(ACTIVITY) An exact copy of the data below is needed; please leave out any pictures.

(SUPPLIED ENTRIES)
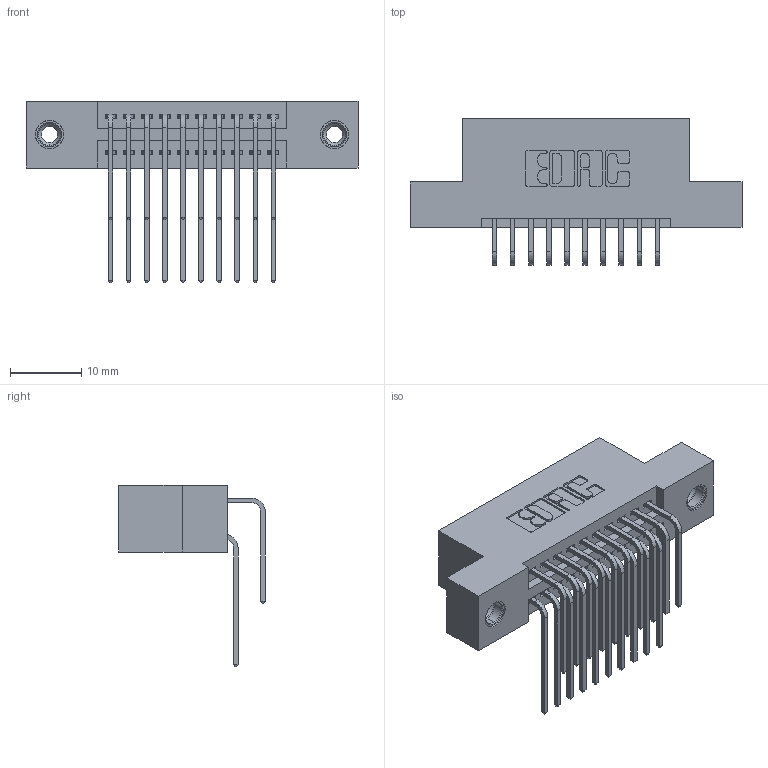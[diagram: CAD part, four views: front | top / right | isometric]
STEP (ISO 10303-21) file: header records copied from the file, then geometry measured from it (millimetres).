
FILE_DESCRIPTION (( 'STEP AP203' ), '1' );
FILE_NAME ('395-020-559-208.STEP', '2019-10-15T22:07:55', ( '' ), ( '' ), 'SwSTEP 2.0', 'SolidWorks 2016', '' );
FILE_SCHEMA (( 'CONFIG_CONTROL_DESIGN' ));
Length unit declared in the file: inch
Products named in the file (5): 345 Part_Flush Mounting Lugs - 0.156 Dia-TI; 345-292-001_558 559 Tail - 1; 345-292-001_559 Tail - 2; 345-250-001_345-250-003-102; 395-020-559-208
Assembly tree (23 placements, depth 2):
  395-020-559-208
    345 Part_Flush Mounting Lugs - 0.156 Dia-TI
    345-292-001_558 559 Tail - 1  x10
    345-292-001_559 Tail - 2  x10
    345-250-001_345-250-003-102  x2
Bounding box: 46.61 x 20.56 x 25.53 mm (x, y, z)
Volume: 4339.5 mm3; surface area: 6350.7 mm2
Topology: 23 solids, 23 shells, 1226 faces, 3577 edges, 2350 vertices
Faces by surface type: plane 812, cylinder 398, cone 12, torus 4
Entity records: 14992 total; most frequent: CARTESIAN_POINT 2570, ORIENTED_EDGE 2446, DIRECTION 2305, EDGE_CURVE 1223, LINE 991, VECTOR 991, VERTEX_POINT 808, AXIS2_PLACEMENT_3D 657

(SOLUTION FOR THIS EXERCISE)
[diagram: CAD part, four views: front | top / right | isometric]
STEP (ISO 10303-21) file: header records copied from the file, then geometry measured from it (millimetres).
FILE_DESCRIPTION (( 'STEP AP203' ), '1' );
FILE_NAME ('395-020-559-208.STEP', '2019-10-15T22:07:55', ( '' ), ( '' ), 'SwSTEP 2.0', 'SolidWorks 2016', '' );
FILE_SCHEMA (( 'CONFIG_CONTROL_DESIGN' ));
Length unit declared in the file: inch
Products named in the file (5): 345 Part_Flush Mounting Lugs - 0.156 Dia-TI; 345-292-001_558 559 Tail - 1; 345-292-001_559 Tail - 2; 345-250-001_345-250-003-102; 395-020-559-208
Assembly tree (23 placements, depth 2):
  395-020-559-208
    345 Part_Flush Mounting Lugs - 0.156 Dia-TI
    345-292-001_558 559 Tail - 1  x10
    345-292-001_559 Tail - 2  x10
    345-250-001_345-250-003-102  x2
Bounding box: 46.61 x 20.56 x 25.53 mm (x, y, z)
Volume: 4339.5 mm3; surface area: 6350.7 mm2
Topology: 23 solids, 23 shells, 1226 faces, 3577 edges, 2350 vertices
Faces by surface type: plane 812, cylinder 398, cone 12, torus 4
Entity records: 14992 total; most frequent: CARTESIAN_POINT 2570, ORIENTED_EDGE 2446, DIRECTION 2305, EDGE_CURVE 1223, LINE 991, VECTOR 991, VERTEX_POINT 808, AXIS2_PLACEMENT_3D 657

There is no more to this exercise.